Why is SIMD slower than scalar counterpart

this is yet another SSE is slower than normal code! Why? type of question.
I know that there are a bunch of similar questions but they don't seem to match my situation.

I am trying to implement Miller-Rabin primality test with Montgomery Modular Multiplication for fast modulo operations.
I tried to implement it in both scalar and SIMD way and it turns out that the SIMD version was around 10% slower.
that [esp+16] or [esp+12] is pointing to the modulo inverse of N if there's anyone wondering.

I am really puzzled over the fact that a supposedly 1 Latency 1c Throughput 1uops instruction psrldq takes more than 3 Latency 0.5c Throughput 1uops pmuludq.

Below is the code and the run time analysis on visual studio ran on Ryzen 5 3600.

Any idea on how to improve SIMD code and/or why is it slower than a scalar code is appreciated.

P.S. Seems like the run time analysis is off by one instruction for some reason

EDIT 1: the comment on the image was wrong, I attached a fixed version below:

    ;------------------------------------------
    ; Calculate base^d mod x
    ;
    ; eax = 1
    ; esi = x
    ; edi = bases[eax]
    ; ebp = d
    ; while d do
    ;     if d & 1 then eax = (eax * edi) mod x
    ;     edi = (edi*edi) mod x
    ;     d >>= 1
    ; end
    ;------------------------------------------

Scalar code:

LOOP_MODEXP:
    push eax

    test ebp, 1
    jz @F

    mul edi
    mov ecx, edx
    imul eax, DWORD PTR [esp+16]
    mul esi
    xor ebx, ebx
    sub ecx, edx
    cmovs ebx, esi
    add ecx, ebx
    mov DWORD PTR [esp], ecx
@@:
    mov edx, edi
    mulx ecx, edx, edi
    imul edx, DWORD PTR [esp+16]
    mulx eax, ebx, esi
    xor ebx, ebx
    sub ecx, eax
    cmovs ebx, esi
    add ecx, ebx
    mov edi, ecx

    pop eax

    shr ebp, 1
    jnz LOOP_MODEXP

SIMD code

    movd xmm2, DWORD PTR [esp+12]
    movd xmm3, esi
    pshufd xmm2, xmm2, 0
    pshufd xmm3, xmm3, 0
    
    movd xmm1, edi

    pshufd xmm1, xmm1, 0
    movdqa xmm0, xmm1

    pinsrd xmm0, eax, 2

LOOP_MODEXP:
    movdqa xmm4, xmm0
    pmuludq xmm0, xmm1
    movdqa xmm1, xmm0
    pmuludq xmm0, xmm2
    pmuludq xmm0, xmm3
    psubd xmm1, xmm0
    
    psrldq xmm1, 4
    pxor xmm0, xmm0
    pcmpgtd xmm0, xmm1
    blendvps xmm0, xmm3, xmm0
    paddd xmm0, xmm1

    movddup xmm1, xmm0

    test ebp, 1
    jnz @F
    blendps xmm0, xmm4, 4

@@:
    shr ebp, 1
    jnz LOOP_MODEXP

    pextrd eax, xmm0, 2

Solution

Your SIMD code wastes time mispredicting that test ebp, 1 / jnz branch. There’s no conditional move instruction in SSE, but you can still optimize away that test + branch with a few more instructions like this:

mov      ebx, ebp
and      ebx, 1
sub      ebx, 1
pxor     xmm5, xmm5
pinsrd   xmm5, ebx, 2
blendvps xmm0, xmm4, xmm5

instead of your

test    ebp, 1
jnz @F
blendps xmm0, xmm4, 4

The above code computes ebx = ( ebp & 1 ) ? 0 : -1;, inserts that integer into 3-rd lane of a zero vector, and uses that vector for the selector in blendvps instruction.

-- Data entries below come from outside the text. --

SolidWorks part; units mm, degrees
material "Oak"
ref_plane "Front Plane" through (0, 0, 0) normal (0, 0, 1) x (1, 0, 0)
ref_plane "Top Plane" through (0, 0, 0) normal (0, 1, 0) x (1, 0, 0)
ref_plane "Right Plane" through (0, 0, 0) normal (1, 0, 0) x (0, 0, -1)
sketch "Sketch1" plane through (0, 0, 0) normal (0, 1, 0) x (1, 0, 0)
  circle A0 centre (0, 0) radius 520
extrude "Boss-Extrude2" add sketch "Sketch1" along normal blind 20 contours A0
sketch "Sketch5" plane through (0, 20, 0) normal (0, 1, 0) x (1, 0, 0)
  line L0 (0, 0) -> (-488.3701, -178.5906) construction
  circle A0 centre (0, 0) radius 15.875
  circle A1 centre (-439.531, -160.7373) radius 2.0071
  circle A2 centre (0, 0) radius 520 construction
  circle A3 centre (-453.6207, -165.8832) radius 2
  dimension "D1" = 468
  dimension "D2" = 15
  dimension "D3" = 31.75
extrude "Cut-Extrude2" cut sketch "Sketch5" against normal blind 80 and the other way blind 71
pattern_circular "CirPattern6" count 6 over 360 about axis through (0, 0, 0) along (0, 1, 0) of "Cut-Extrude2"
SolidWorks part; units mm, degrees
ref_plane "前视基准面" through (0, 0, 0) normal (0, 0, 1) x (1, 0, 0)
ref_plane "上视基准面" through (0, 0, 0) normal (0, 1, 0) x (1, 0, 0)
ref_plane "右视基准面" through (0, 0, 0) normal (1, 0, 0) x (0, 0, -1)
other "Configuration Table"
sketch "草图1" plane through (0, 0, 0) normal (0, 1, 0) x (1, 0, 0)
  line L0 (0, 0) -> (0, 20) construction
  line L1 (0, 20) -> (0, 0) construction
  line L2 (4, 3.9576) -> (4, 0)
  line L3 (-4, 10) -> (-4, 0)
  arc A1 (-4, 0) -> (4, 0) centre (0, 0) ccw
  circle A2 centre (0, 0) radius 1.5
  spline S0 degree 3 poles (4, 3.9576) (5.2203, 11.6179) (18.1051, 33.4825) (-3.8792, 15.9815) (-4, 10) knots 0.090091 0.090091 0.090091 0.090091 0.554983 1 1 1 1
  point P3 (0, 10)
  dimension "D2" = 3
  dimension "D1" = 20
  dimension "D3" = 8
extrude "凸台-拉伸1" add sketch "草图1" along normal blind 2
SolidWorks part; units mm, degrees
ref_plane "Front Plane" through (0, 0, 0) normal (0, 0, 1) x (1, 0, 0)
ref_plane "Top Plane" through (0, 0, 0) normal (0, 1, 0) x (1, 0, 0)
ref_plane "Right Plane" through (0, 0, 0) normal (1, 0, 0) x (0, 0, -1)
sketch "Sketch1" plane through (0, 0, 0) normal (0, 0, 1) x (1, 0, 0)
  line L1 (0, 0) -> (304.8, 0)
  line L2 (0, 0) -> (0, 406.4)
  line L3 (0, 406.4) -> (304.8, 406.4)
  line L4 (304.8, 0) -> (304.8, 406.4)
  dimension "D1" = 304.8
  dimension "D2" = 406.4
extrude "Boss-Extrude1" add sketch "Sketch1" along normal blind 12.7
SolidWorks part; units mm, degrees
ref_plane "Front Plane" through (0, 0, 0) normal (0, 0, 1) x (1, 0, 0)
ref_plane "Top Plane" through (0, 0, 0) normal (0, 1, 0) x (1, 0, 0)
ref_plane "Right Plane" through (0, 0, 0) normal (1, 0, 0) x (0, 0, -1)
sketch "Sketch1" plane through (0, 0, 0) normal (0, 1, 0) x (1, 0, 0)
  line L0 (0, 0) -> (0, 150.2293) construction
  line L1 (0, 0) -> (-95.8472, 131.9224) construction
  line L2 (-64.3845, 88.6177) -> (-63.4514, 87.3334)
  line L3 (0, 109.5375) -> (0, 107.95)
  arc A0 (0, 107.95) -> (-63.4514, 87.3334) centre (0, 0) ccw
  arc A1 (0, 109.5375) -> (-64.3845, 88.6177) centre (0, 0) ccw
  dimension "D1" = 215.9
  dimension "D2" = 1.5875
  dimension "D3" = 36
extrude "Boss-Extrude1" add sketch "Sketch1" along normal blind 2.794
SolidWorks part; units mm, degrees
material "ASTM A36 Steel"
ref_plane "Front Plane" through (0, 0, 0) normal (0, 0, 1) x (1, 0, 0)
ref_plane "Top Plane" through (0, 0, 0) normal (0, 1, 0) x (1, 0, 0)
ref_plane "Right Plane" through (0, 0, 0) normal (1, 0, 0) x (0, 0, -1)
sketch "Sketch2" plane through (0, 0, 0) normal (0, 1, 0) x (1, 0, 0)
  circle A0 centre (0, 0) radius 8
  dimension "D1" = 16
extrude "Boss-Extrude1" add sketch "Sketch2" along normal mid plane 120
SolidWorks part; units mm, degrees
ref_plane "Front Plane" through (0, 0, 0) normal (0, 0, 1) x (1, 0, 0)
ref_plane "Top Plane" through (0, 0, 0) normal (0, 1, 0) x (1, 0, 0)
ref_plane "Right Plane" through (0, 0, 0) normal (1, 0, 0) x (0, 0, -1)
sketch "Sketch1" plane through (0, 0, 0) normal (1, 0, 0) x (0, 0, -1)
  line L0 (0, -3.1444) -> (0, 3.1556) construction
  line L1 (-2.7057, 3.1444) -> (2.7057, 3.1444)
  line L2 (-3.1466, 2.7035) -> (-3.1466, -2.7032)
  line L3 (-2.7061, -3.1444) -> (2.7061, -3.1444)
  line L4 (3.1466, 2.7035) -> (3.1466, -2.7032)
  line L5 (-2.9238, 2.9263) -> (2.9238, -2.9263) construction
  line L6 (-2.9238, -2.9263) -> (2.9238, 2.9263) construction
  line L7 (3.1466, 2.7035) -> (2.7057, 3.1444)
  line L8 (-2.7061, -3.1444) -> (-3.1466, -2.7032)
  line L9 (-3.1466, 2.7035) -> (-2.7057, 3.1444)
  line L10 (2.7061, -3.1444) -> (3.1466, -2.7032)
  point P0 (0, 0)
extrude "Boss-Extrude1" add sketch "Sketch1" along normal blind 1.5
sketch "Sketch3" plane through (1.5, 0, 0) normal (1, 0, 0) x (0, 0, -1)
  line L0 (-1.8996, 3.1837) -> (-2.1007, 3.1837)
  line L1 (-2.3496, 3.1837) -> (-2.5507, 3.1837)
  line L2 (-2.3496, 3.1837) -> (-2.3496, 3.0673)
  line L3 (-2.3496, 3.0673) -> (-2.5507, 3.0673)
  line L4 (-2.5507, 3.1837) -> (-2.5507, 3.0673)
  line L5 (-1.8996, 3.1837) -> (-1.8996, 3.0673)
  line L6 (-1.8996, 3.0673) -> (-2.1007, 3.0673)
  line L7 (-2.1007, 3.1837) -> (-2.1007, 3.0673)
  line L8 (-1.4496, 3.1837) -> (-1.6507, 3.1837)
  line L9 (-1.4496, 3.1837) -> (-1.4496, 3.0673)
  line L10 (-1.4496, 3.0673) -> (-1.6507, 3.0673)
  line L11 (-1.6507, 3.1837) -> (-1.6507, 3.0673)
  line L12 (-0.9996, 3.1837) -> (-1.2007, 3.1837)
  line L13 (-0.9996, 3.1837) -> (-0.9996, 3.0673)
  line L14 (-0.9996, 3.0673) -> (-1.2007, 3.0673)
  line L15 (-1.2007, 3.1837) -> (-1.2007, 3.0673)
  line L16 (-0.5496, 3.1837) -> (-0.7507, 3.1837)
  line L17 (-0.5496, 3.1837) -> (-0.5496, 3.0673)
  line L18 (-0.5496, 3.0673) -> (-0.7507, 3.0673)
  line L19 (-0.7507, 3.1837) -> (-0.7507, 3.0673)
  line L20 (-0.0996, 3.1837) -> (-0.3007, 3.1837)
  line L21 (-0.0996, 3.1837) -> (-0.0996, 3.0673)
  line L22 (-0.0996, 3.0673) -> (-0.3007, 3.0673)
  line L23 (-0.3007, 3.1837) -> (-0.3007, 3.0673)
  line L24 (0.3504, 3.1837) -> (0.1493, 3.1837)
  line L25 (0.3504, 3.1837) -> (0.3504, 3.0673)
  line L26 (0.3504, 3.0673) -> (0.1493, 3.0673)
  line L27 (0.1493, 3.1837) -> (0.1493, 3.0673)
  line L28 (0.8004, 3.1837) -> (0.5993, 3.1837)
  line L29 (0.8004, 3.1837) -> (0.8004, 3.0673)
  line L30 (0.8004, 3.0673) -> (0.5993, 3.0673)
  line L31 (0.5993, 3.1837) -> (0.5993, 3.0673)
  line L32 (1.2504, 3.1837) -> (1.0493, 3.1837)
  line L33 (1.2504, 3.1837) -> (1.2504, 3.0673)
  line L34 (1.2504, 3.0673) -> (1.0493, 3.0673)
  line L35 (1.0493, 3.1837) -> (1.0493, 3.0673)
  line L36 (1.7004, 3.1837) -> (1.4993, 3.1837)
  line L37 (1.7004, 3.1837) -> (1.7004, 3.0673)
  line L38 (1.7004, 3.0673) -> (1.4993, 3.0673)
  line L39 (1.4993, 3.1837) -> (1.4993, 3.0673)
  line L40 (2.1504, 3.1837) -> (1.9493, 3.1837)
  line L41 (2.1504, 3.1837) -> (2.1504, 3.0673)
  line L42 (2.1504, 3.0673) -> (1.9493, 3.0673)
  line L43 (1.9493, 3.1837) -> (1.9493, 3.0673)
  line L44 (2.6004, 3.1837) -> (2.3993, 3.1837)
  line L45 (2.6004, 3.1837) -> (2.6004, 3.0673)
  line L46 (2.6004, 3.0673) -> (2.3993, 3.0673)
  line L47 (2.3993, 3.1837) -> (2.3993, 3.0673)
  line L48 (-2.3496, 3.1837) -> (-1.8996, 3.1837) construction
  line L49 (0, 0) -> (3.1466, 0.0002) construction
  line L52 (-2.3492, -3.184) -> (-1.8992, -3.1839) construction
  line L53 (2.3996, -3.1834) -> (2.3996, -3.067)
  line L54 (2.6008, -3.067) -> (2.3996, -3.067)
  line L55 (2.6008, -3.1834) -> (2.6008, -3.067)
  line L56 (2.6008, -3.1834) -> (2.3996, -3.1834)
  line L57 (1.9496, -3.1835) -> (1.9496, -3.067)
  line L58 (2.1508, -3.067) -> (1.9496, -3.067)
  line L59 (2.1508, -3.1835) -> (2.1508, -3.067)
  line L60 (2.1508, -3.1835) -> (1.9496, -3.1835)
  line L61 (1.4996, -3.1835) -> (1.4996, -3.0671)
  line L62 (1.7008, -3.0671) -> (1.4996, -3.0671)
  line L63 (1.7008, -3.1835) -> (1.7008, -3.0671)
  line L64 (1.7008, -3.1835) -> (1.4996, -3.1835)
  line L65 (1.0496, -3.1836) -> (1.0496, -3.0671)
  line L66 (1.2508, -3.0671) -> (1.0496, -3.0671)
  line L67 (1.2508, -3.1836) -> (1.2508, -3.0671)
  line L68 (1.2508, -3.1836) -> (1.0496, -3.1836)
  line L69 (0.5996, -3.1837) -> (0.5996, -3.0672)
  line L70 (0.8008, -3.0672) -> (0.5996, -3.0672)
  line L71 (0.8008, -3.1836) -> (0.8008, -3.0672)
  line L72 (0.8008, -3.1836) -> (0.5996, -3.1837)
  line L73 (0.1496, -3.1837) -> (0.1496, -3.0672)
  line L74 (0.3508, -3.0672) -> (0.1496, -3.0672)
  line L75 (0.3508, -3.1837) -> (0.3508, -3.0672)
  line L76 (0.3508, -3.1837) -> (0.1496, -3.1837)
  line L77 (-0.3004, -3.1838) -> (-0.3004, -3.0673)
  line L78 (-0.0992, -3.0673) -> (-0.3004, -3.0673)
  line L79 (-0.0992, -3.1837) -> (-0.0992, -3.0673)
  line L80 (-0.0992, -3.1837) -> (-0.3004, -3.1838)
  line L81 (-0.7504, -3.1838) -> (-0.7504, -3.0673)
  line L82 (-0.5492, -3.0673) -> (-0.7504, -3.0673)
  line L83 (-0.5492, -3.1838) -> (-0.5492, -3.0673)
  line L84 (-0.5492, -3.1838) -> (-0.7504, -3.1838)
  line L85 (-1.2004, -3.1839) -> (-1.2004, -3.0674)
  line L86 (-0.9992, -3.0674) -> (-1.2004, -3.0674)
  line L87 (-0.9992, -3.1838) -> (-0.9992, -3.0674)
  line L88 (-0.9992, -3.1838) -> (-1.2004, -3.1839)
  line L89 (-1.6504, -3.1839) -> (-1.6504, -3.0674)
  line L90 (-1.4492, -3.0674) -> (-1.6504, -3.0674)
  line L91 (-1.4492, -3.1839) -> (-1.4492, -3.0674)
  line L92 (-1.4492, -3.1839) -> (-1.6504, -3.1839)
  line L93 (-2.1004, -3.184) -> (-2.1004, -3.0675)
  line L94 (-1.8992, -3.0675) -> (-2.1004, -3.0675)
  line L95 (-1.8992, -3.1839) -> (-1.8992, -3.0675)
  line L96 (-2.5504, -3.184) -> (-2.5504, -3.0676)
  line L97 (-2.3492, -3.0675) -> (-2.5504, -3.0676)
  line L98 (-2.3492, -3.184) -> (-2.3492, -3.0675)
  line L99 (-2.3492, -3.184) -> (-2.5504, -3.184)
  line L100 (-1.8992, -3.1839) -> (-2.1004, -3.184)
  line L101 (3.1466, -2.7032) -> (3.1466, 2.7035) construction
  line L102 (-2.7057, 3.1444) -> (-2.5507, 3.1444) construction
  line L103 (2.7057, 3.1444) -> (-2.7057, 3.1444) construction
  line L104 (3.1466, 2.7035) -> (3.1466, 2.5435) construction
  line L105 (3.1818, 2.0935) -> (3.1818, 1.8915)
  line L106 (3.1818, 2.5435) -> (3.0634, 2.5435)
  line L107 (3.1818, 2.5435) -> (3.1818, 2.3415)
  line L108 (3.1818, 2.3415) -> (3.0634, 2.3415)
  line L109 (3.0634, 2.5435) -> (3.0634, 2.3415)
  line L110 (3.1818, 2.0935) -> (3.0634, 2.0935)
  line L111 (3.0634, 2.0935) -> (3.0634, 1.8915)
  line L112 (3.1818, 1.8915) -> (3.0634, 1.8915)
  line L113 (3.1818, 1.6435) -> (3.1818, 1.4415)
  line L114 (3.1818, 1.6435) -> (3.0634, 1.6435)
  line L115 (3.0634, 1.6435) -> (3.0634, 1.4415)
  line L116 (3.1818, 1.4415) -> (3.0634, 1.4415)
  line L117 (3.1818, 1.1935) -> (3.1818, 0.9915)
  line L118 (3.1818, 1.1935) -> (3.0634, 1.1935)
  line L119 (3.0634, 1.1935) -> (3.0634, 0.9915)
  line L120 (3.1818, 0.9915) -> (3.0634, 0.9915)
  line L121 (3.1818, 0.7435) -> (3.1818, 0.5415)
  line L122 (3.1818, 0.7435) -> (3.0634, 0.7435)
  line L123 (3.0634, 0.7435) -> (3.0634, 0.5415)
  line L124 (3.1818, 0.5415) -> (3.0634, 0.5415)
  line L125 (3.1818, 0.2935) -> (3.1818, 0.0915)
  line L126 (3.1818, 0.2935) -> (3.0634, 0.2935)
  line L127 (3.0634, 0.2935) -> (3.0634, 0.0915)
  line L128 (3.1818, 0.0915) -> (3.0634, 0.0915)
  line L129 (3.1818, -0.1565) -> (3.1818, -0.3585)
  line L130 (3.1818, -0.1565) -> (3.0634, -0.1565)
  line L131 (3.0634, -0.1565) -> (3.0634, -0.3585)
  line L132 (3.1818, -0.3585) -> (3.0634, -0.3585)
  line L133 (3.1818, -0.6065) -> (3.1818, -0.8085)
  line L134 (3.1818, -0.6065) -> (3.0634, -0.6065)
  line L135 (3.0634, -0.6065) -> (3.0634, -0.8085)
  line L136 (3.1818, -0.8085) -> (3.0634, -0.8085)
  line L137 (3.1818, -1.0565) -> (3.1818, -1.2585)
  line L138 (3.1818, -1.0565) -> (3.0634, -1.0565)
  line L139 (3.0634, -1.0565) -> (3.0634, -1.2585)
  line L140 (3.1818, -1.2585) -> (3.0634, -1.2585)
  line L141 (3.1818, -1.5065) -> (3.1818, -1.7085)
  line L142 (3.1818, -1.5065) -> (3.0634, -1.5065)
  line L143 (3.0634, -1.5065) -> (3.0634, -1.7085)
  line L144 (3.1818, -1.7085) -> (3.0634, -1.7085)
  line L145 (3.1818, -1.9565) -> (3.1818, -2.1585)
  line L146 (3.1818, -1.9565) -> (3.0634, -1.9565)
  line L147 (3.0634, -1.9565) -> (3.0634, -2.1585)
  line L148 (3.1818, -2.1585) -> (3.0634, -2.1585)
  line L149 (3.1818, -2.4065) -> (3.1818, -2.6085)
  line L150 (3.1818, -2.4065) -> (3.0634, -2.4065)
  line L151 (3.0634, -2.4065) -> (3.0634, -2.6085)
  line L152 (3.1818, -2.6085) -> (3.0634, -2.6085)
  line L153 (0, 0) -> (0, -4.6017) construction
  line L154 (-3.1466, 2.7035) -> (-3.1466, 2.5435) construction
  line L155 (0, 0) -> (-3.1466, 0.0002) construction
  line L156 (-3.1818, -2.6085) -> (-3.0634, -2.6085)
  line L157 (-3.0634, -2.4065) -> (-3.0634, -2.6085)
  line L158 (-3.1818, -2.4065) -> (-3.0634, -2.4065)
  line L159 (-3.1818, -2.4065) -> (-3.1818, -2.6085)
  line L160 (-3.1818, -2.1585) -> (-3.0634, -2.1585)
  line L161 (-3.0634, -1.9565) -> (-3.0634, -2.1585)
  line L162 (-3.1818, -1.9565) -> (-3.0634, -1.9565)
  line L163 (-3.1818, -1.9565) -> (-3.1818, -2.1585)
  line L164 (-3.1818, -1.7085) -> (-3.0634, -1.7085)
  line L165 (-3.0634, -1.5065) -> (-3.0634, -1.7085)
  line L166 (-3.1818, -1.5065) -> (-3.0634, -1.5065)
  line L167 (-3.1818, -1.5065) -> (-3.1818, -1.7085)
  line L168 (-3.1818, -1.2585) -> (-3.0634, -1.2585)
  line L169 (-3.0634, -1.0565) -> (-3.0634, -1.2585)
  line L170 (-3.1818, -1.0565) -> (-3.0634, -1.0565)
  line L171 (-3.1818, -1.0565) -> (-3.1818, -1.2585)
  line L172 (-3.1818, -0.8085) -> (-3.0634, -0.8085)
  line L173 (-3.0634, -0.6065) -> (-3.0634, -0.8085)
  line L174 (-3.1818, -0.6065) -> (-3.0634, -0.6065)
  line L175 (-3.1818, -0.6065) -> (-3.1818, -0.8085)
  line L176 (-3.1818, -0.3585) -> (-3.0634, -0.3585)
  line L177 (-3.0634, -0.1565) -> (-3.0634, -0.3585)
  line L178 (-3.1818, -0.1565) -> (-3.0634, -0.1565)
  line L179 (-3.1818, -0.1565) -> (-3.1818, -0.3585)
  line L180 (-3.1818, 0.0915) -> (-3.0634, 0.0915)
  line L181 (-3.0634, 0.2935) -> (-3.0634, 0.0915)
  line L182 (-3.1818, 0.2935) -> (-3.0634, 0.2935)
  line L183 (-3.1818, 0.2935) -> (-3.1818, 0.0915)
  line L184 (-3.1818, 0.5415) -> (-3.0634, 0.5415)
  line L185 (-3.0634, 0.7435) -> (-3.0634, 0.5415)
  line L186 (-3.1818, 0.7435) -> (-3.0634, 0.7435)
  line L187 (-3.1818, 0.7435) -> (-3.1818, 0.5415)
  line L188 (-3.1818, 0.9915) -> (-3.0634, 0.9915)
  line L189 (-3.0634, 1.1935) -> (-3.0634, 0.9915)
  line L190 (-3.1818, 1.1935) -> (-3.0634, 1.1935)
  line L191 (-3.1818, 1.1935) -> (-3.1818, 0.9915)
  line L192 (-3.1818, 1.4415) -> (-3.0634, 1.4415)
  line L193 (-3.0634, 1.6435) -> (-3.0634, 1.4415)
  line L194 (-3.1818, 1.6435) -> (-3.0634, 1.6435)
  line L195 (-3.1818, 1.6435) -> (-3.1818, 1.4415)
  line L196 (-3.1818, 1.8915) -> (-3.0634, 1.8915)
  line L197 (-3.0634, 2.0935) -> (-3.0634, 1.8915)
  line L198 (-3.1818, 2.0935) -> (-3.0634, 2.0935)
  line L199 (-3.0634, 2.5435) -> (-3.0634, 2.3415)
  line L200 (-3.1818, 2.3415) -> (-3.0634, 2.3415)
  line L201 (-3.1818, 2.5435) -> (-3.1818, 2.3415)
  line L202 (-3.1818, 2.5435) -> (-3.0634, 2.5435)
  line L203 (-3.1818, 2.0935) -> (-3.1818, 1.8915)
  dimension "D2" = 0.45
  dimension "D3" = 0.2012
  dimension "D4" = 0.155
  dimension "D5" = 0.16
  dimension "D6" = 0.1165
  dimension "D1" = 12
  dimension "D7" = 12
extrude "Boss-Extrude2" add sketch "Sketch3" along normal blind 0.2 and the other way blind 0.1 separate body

This instruction is not needed: pcmpgtd xmm0, xmm1 Along with previous and next one, it computes this:

xmm0 = _mm_cmplt_epi32( xmm1, _mm_setzero_si128() );
xmm0 = _mm_blendv_ps( xmm0, xmm3, xmm0 );

Here’s an equivalent:

xmm0 = _mm_blendv_ps( _mm_setzero_si128(), xmm3, xmm1 );

That comparison instruction compares int32 lanes for xmm1 < 0. This results in the sign bit of these integers. _mm_blendv_ps instruction only tests the high bits in 32-bit lanes, you don’t really need to compare for xmm1 < 0 before that.

Unless you need to support CPUs without AVX, you should use VEX encoding of the instructions, even for code dealing with 16-byte vectors. Your SIMD code uses legacy encoding, most of them take 2 arguments and write the result in the first one. Most VEX instructions take 3 arguments and write result into another one. This should get rid of the couple redundant move instructions like movdqa xmm4, xmm0.